Any pointers in getting me started or examples of how you came to be would be great help. Also if anybody has taken that Humber Arborist course some feedback on that or help would be awesome!
Thanks in advance,
- Ryan


----------



## deevo (Apr 19, 2011)

Auldo said:


> Hi, my name is Ryan, I am 18 and I live in Southern Ontario. I recently graduated from highschool and like many people was unsure where I wanted to go from there. I applied for Travel and Tourism to a few colleges and Horticultural Engineer to another. Since applying I've decided these things aren't what I really wanna do. From there I thought about plumbing and now I've eventually found myself taking a real liking to the sounds of being an Arborist. Being outside and climbing trees and what not sounds pretty cool to be honest.
> Since becoming interested I've done a fair bit of cruising around on the net. I've looked at necessary training and qualifications, trade sites and many job postings. Many tell me different things but the most common is that I need my Arborist Trades Certification. I'm thinking about Humber College for this apprenticeship and since I'm already accepted there for another course perhaps I can make the switch. However, Humber offers two courses that seem to be very alike.. One being the Urban Aboriculture Certificate program and the other being Arborist Apprenticeship. The first program is $3400 for two semesters and the second is $650 for basic, and then another $650 for advanced. The apprenticeship course just says I have to be employed in the tree care industry prior to the program and while in the program. Is this just the same deal as any apprenticeship or are they saying I need experience first?
> Also, my question to you all is, how did you start out in the business? How did you become Arborist Trade Certified? Where would be my best bet to start first? As I stated before, I am just out of highschool, with no experience in this business and I'm not even sure I totally understand how apprenticeships work. Like do apprenticeships HAVE to be done through a school like so? Or can I get an employer to take me on and agree to fill out apprenticeship stuff and train me right from there?
> Any pointers in getting me started or examples of how you came to be would be great help. Also if anybody has taken that Humber Arborist course some feedback on that or help would be awesome!
> ...


 
Sounds like your going in the right direction. The Humber course is good from what I have heard. Check the ISA Ontario site, there are a lot of companys looking for groundies/climbers etc now for the spring/summer. Tell them your plan, and see if you can get on with them etc....Sound serious to them about it, work hard as a groundie then advance from there. once you start climbing, you'll be hooked! Just keep looking in these forums, listen/look and learn. Just learn from trained and experienced people of course! Good luck, use the search function on here or ask!
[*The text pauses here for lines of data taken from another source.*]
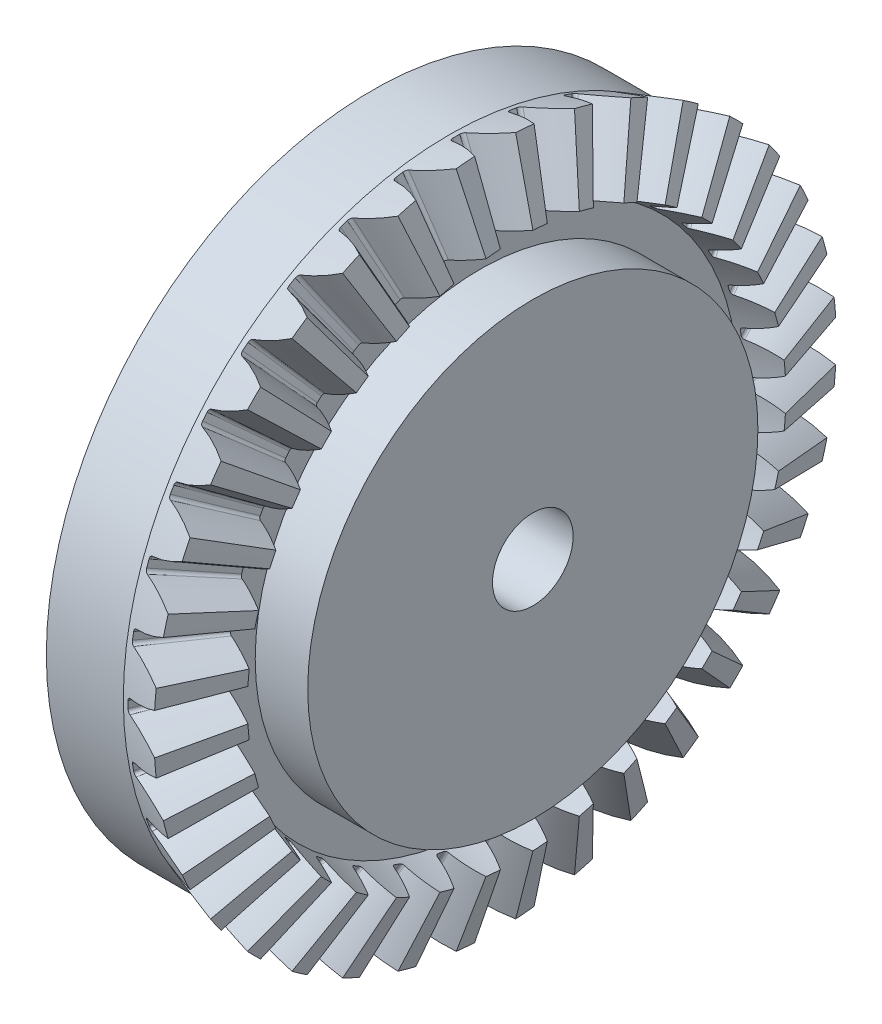
SolidWorks part; units mm, degrees
revolve "Base-Revolve" add sketch "BasProSke" angle 360 about L0 other way angle 5
sketch "BasProSke" plane through (0, 0, 0) normal (0, 1, 0) x (1, 0, 0)
  line L0 (-10, 0) -> (60, 0) construction
  line L1 (0, 0) -> (0, 8.684)
  line L2 (0, 0) -> (0.8323, 0)
  line L3 (0.8323, 0) -> (0.8323, 6.8532)
  line L4 (3.948, 0) -> (-9.0794, 39.0823) construction
  line L5 (0, 8.684) -> (1.2284, 9.0935)
  line L6 (3.948, 0) -> (-23.6442, 92.2592) construction
  line L7 (3.948, 0) -> (0, 8.684) construction
  line L8 (1.2284, 9.0935) -> (1.8018, 7.1764)
  line L9 (1.8018, 7.1764) -> (0.8323, 6.8532)
  line L10 (0.948, 9) -> (-11.0363, 9) construction
  dimension "D1" = 17.368
  dimension "D2" = 3.948
  dimension "D3" = 9.4868
  dimension "D4" = 1.784
ref_plane "Plane1" through (0, 0, 0) normal (0, 0, 1) x (1, 0, 0)
ref_plane "Plane2" through (0, 0, 0) normal (0, 1, 0) x (1, 0, 0)
ref_plane "Plane3" through (0, 0, 0) normal (1, 0, 0) x (0, 0, -1)
other "Configuration Table"
sketch "HoldingSke" plane through (0, 0, 0) normal (0, 1, 0) x (1, 0, 0)
  line L0 (0, 0) -> (1.618, -1.1756)
  line L1 (-15, 0) -> (100, 0) construction
  line L2 (0, 0) -> (-122.6628, 25.2748)
  line L3 (0, 0) -> (-11.863, 4.5341)
  line L4 (0, 0) -> (6.9867, 5.0761)
  line L5 (0, 0) -> (-5.6217, -2.0967)
  line L6 (0, 0) -> (-10.5278, -7.1032)
  line L7 (-122.6628, 25.2748) -> (-122.6177, 31.2747)
  line L8 (-76.2, 0.5) -> (-75.9, 0.5)
  line L9 (-71.009, 38.7566) -> (-53.1078, 45.2721)
  line L10 (-76.2, 71.12) -> (104.1128, 71.12)
  line L11 (0, 0) -> (-2, 0)
  line L12 (-76.2, 101.6) -> (-76.181, 101.6)
  line L13 (24.9733, 27.94) -> (52.9546, 28.2287)
  line L14 (24.9733, 27.94) -> (24.9743, 27.94)
  line L15 (24.9733, 27.94) -> (100.3893, 30.0425)
  line L16 (-122.6628, 25.2748) -> (3.6233, -1.5681)
  circle A0 centre (0, 0) radius 1
  circle A1 centre (0, 0) radius 8.684
  circle A2 centre (0, 0) radius 10
  circle A3 centre (0, 0) radius 1
  dimension "Num_teeth" = 36
  dimension "Pitch_radius" = 180.3128
  dimension "Width" = 2
ref_plane "ToothPln" through (0.6142, 8.8887, 0) normal (-0.3162, 0.9487, 0) x (0, 0, -1)
ref_plane "ToothPln2" through (0.3948, -1.1844, 0) normal (-0.3162, 0.9487, 0) x (0, 0, 1)
sketch "TooCutSke" plane through (0.6142, 8.8887, 0) normal (-0.3162, 0.9487, 0) x (0, 0, -1)
  line L2 (0, 8.6481) -> (144.0891, -1638.2981) construction
  line L3 (0, 8.6481) -> (78.8921, -1755.5054) construction
  line L4 (0, -15.621) -> (0, 105.791) construction
  line L6 (-24.765, -0.6474) -> (21.082, -0.6474) construction
  line L7 (0.7844, -0.3176) -> (0.4017, -0.3347) construction
  arc A0 (-0.6442, -0.8114) -> (0.6442, -0.8114) centre (0, 8.6481) ccw
  arc A1 (-0.094, 0.4481) -> (0.094, 0.4481) centre (0, 8.6481) ccw
  circle A2 centre (0, 8.6481) radius 9 construction
  circle A3 centre (0, 8.6481) radius 8.4572 construction
  arc A4 (0.1883, 0.3711) -> (0.094, 0.4481) centre (0.0951, 0.3531) ccw
  arc A5 (0.1883, 0.3711) -> (0.6442, -0.8114) centre (3.7229, 1.0544) ccw
  arc A6 (-0.6442, -0.8114) -> (-0.1883, 0.3711) centre (-3.7229, 1.0544) ccw
  arc A7 (-0.094, 0.4481) -> (-0.1883, 0.3711) centre (-0.0951, 0.3531) ccw
  ellipse E0 centre (0, 2.2282) end of major axis (9.0935, 2.2282) minor radius 2.8756 construction
sketch "TooCutSke2" plane through (0.3948, -1.1844, 0) normal (-0.3162, 0.9487, 0) x (0, 0, 1)
  line L0 (0, 0) -> (0, 68.072) construction
  line L2 (21.082, 2.7461) -> (-20.32, 2.7461) construction
  circle A0 centre (0, 3.7454) radius 0.0127
  ellipse E1 centre (0, 0) end of major axis (-8.684, 0) minor radius 2.7461 construction
loft "ToothCut" cut profiles "TooCutSke2", "TooCutSke"
pattern_circular "TeethCuts" count 36 every 10 about axis through (-10, 0, 0) along (1, 0, 0) of "ToothCut"
sketch "草图1" plane through (0.8323, 0, 0) normal (1, 0, 0) x (0, 0, -1)
  circle A0 centre (0, 0) radius 6
  dimension "D1" = 12
extrude "凸台-拉伸1" add sketch "草图1" along normal blind 1.4
sketch "HubSke" plane through (0, 0, 0) normal (-1, 0, 0) x (0, 0, 1)
  circle A0 centre (0, 0) radius 8.684
  dimension "Diameter" = 17.368
extrude "Hub" add sketch "HubSke" along normal blind 2.0521
sketch "BorSke" plane through (0, 0, 0) normal (1, 0, 0) x (0, 0, -1)
  circle A0 centre (0, 0) radius 1.075
  dimension "Diameter" = 2.15
extrude "Bore" cut sketch "BorSke" along normal mid plane 12.0001
sketch "KeySke" plane through (0, 0, 0) normal (1, 0, 0) x (0, 0, -1)
  line L0 (-0.4, 0) -> (-0.4, 1.3)
  line L1 (-0.4, 1.3) -> (0.4, 1.3)
  line L2 (0.4, 1.3) -> (0.4, 0)
  line L3 (0, 0) -> (0, 34) construction
  line L4 (-0.4, 0) -> (0.4, 0)
  dimension "Offset" = 1.3
extrude "Keyway" [suppressed] cut sketch "KeySke" along normal mid plane 12.0001
pattern_circular "Keyway2" [suppressed] count 2 every 90 about axis through (-10, 0, 0) along (1, 0, 0) reverse direction yes
equation "' \"Module@HoldingSke\" = 6.35"
equation "' \"Num_teeth@HoldingSke\" = 20"
equation "' \"Mating_teeth@HoldingSke\" = 12"
equation "' \"Ap@HoldingSke\" =  20"
equation "' \"Ap@HoldingSke\" = 20"
equation "' \"Width@HoldingSke\" = 0.5 * 25.4"
equation "' \"Hub_dia@HoldingSke\"= 2 * 25.4"
equation "' \"Hub_dia@HoldingSke\" = 2 * 25.4"
equation "' \"Mounting_dist@HoldingSke\" = 3 * 25.4"
equation "' \"Bore@HoldingSke\" = 19"
equation "' \"T_dim@HoldingSke\" = 0.1 * 25.4"
equation "' \"Width@KeySke\" = 0.25 * 25.4"
equation "' \"Show_teeth@HoldingSke\" = 100"
equation "' \"Backlash@HoldingSke\" = 0.009 * 25.4"
equation "' \"Addendum_fac@HoldingSke\" = 1.0"
equation "' \"Dedendum_fac@HoldingSke\" = 1.188"
equation "' \"Dedendum_add@HoldingSke\" = 0.002 * 25.4"
equation "' \"Clearance_fac@HoldingSke\" = 0.188"
equation "\"Pitch@HoldingSke\" = 1 / \"Module@HoldingSke\""
equation " \"Addendum_fac@HoldingSke\" = 0.54 + 0.46 / (\"Num_teeth@HoldingSke\" /  \"Mating_teeth@HoldingSke\" ) ^ 2"
equation "' \"Addendum_fac@HoldingSke\" = 2 - (0.54 + 0.46 / (\"Mating_teeth@HoldingSke\" /  \"Num_teeth@HoldingSke\" ) ^ 2)"
equation "\"Dedendum_fac@HoldingSke\" = 2.188 - \"Addendum_fac@HoldingSke\""
equation "\"Pitch_rad@BasProSke\" = \"Num_teeth@HoldingSke\" / \"Pitch@HoldingSke\" / 2"
equation "\"Pitch_ang@BasProSke\" = atn(\"Num_teeth@HoldingSke\" / \"Mating_teeth@HoldingSke\") * (180 / 3.14159265)"
equation "\"Addendum@BasProSke\" = \"Addendum_fac@HoldingSke\" / \"Pitch@HoldingSke\""
equation "\"Dedendum_plus@BasProSke\" = (\"Dedendum_fac@HoldingSke\" / \"Pitch@HoldingSke\" + \"Dedendum_add@HoldingSke\") * 1.25"
equation "\"Face_wid@BasProSke\" = \"Width@HoldingSke\""
equation "\"Radius@TooCutSke\" = ((\"Num_teeth@HoldingSke\" + 2 * \"Addendum_fac@HoldingSke\") / \"Pitch@HoldingSke\" ) / 2"
equation "\"Overcut_dia@TooCutSke\" =  1.02 * (\"Num_teeth@HoldingSke\" + 2 * \"Addendum_fac@HoldingSke\") / \"Pitch@HoldingSke\""
equation "\"Pitch_dia@TooCutSke\" = \"Num_teeth@HoldingSke\" / \"Pitch@HoldingSke\""
equation "\"Base_dia@TooCutSke\" = \"Num_teeth@HoldingSke\" / \"Pitch@HoldingSke\" * cos((\"Ap@HoldingSke\"  * 3.14159265 / 180))"
equation "'  \"Root_dia@TooCutSke\" =  (\"Num_teeth@HoldingSke\" + 2) / \"Pitch@HoldingSke\" - 2 * (\"Addendum_fac@HoldingSke\" + \"Dedendum_fac@HoldingSke\") / \"Pitch@HoldingSke\" - \"Dedendum_add@HoldingSke\" * 2"
equation "'  \"Root_dia@TooCutSke\" = (\"Num_teeth@HoldingSke\" + 2) / \"Pitch@HoldingSke\" - 2 * (\"Addendum_fac@HoldingSke\" + \"Dedendum_fac@HoldingSke\") / \"Pitch@HoldingSke\" - \"Dedendum_add@HoldingSke\" * 2"
equation "\"Root_dia@TooCutSke\" =  \"Num_teeth@HoldingSke\" / \"Pitch@HoldingSke\" -  2 * \"Dedendum_fac@HoldingSke\" / \"Pitch@HoldingSke\" - \"Dedendum_add@HoldingSke\" * 2"
equation "\"Half_ang@TooCutSke\" = 180 / \"Num_teeth@HoldingSke\""
equation "\"Half_CT@TooCutSke\" = \"Num_teeth@HoldingSke\" / \"Pitch@HoldingSke\" * sin((3.14159265 / 2 / \"Num_teeth@HoldingSke\")) / 2 - 2 * \"Backlash@HoldingSke\" / 4"
equation "\"Flank_rad@TooCutSke\" = \"Num_teeth@HoldingSke\" / \"Pitch@HoldingSke\" / 5"
equation "\"Root_fillet@TooCutSke\" = \"Clearance_fac@HoldingSke\" / \"Pitch@HoldingSke\" + \"Dedendum_add@HoldingSke\""
equation "\"Offset@ToothPln2\"  = \"Num_teeth@HoldingSke\" / \"Pitch@HoldingSke\" / 2 / sin(atn(\"Num_teeth@HoldingSke\" / \"Mating_teeth@HoldingSke\"))"
equation "\"Dedendum_plus@TooCutSke2\" = \"Dedendum_plus@BasProSke\""
equation "\"MHD@HoldingSke\" = \"Num_teeth@HoldingSke\" / \"Pitch@HoldingSke\" - 2 * \"Dedendum_plus@BasProSke\" * cos(atn(\"Num_teeth@HoldingSke\" / \"Mating_teeth@HoldingSke\"))"
equation "\"MBD@HoldingSke\" = \"Num_teeth@HoldingSke\" / \"Pitch@HoldingSke\" - 2 * \"Dedendum_plus@BasProSke\" * cos(atn(\"Num_teeth@HoldingSke\" / \"Mating_teeth@HoldingSke\")) - 0.002 * 25.4"
equation "\"MnMD@HoldingSke\" =  \"Num_teeth@HoldingSke\" / \"Pitch@HoldingSke\" / 2 / (\"Num_teeth@HoldingSke\" / \"Mating_teeth@HoldingSke\") + \"Dedendum_plus@BasProSke\" * sin(atn(\"Num_teeth@HoldingSke\" / \"Mating_teeth@HoldingSke\"))"
equation "\"OAL@HoldingSke\" = \"MnMD@HoldingSke\""
equation "\"MHD@HoldingSke\" = ((sgn( \"MHD@HoldingSke\" - \"Hub_dia@HoldingSke\" )-1)*( \"MHD@HoldingSke\" - \"Hub_dia@HoldingSke\" ))/-2+ \"Hub_dia@HoldingSke\""
equation "\"MBD@HoldingSke\" = ((sgn( \"MBD@HoldingSke\" - \"Bore@HoldingSke\" )-1)*( \"MBD@HoldingSke\" - \"Bore@HoldingSke\" ))/-2+ \"Bore@HoldingSke\""
equation "\"Face_wid@BasProSke\" = ((sgn( \"Face_wid@BasProSke\" - \"Offset@ToothPln2\" * 0.9)-1)*( \"Face_wid@BasProSke\" - \"Offset@ToothPln2\" * 0.9))/-2+ \"Offset@ToothPln2\" * 0.9"
equation "\"OAL@HoldingSke\" = ((sgn( \"OAL@HoldingSke\" - \"Mounting_dist@HoldingSke\" )+1)*( \"OAL@HoldingSke\" - \"Mounting_dist@HoldingSke\" ))/2 + \"Mounting_dist@HoldingSke\" + 0.000002 * 25.4"
equation "\"Num_teeth@TeethCuts\" = int( \"Show_teeth@HoldingSke\" ) + 1"
equation "\"Num_teeth@TeethCuts\" = ((sgn( \"Num_teeth@TeethCuts\" - \"Num_teeth@HoldingSke\" )-1)*( \"Num_teeth@TeethCuts\" - \"Num_teeth@HoldingSke\" ))/-2+ \"Num_teeth@HoldingSke\""
equation "\"Num_teeth@TeethCuts\" = ((sgn( \"Num_teeth@TeethCuts\" - 2.0)+1)*( \"Num_teeth@TeethCuts\" - 2.0))/2 +2.0"
equation "\"Angle@TeethCuts\" = 360.0 / \"Num_teeth@HoldingSke\""
equation "\"Diameter@HubSke\" = \"MHD@HoldingSke\""
equation "\"Length@Hub\" = \"OAL@HoldingSke\" - \"MnMD@HoldingSke\" + 0.000002 * 25.4"
equation "\"D1@Bore\" = \"OAL@HoldingSke\" * 2.0"
equation "\"D1@Keyway\" = \"OAL@HoldingSke\" * 2.0"
equation "\"Offset@KeySke\" = \"T_dim@HoldingSke\" + \"MBD@HoldingSke\" / 2.0"

Some bite....some don't!


----------



## treeslayer (Apr 19, 2011)

Just don't get caught up in getting "certified"

If you can run a saw, good.
Can you climb? can you be a PRODUCTIVE member of a tree crew?

Lot more to be concerned with than an end result. you gotta pay your dues lil brother, but ya gotta learn the trade before you worry about being the climber.

I've seen a thousand like you, do you really want to earn it? 
or be given it?

just trying to be honest dude. you are on the right path, and you asked. 
balls in your court, step up and play it right. most don't.


----------



## sbumgarner78 (Apr 24, 2011)

Find an ISA certified arborist in your area that is willing to work with you. Show an interest in learning to climb and do it....even on your free time. Start self studying for the ISA Tree worker certification then the arborist certification. Good luck.


----------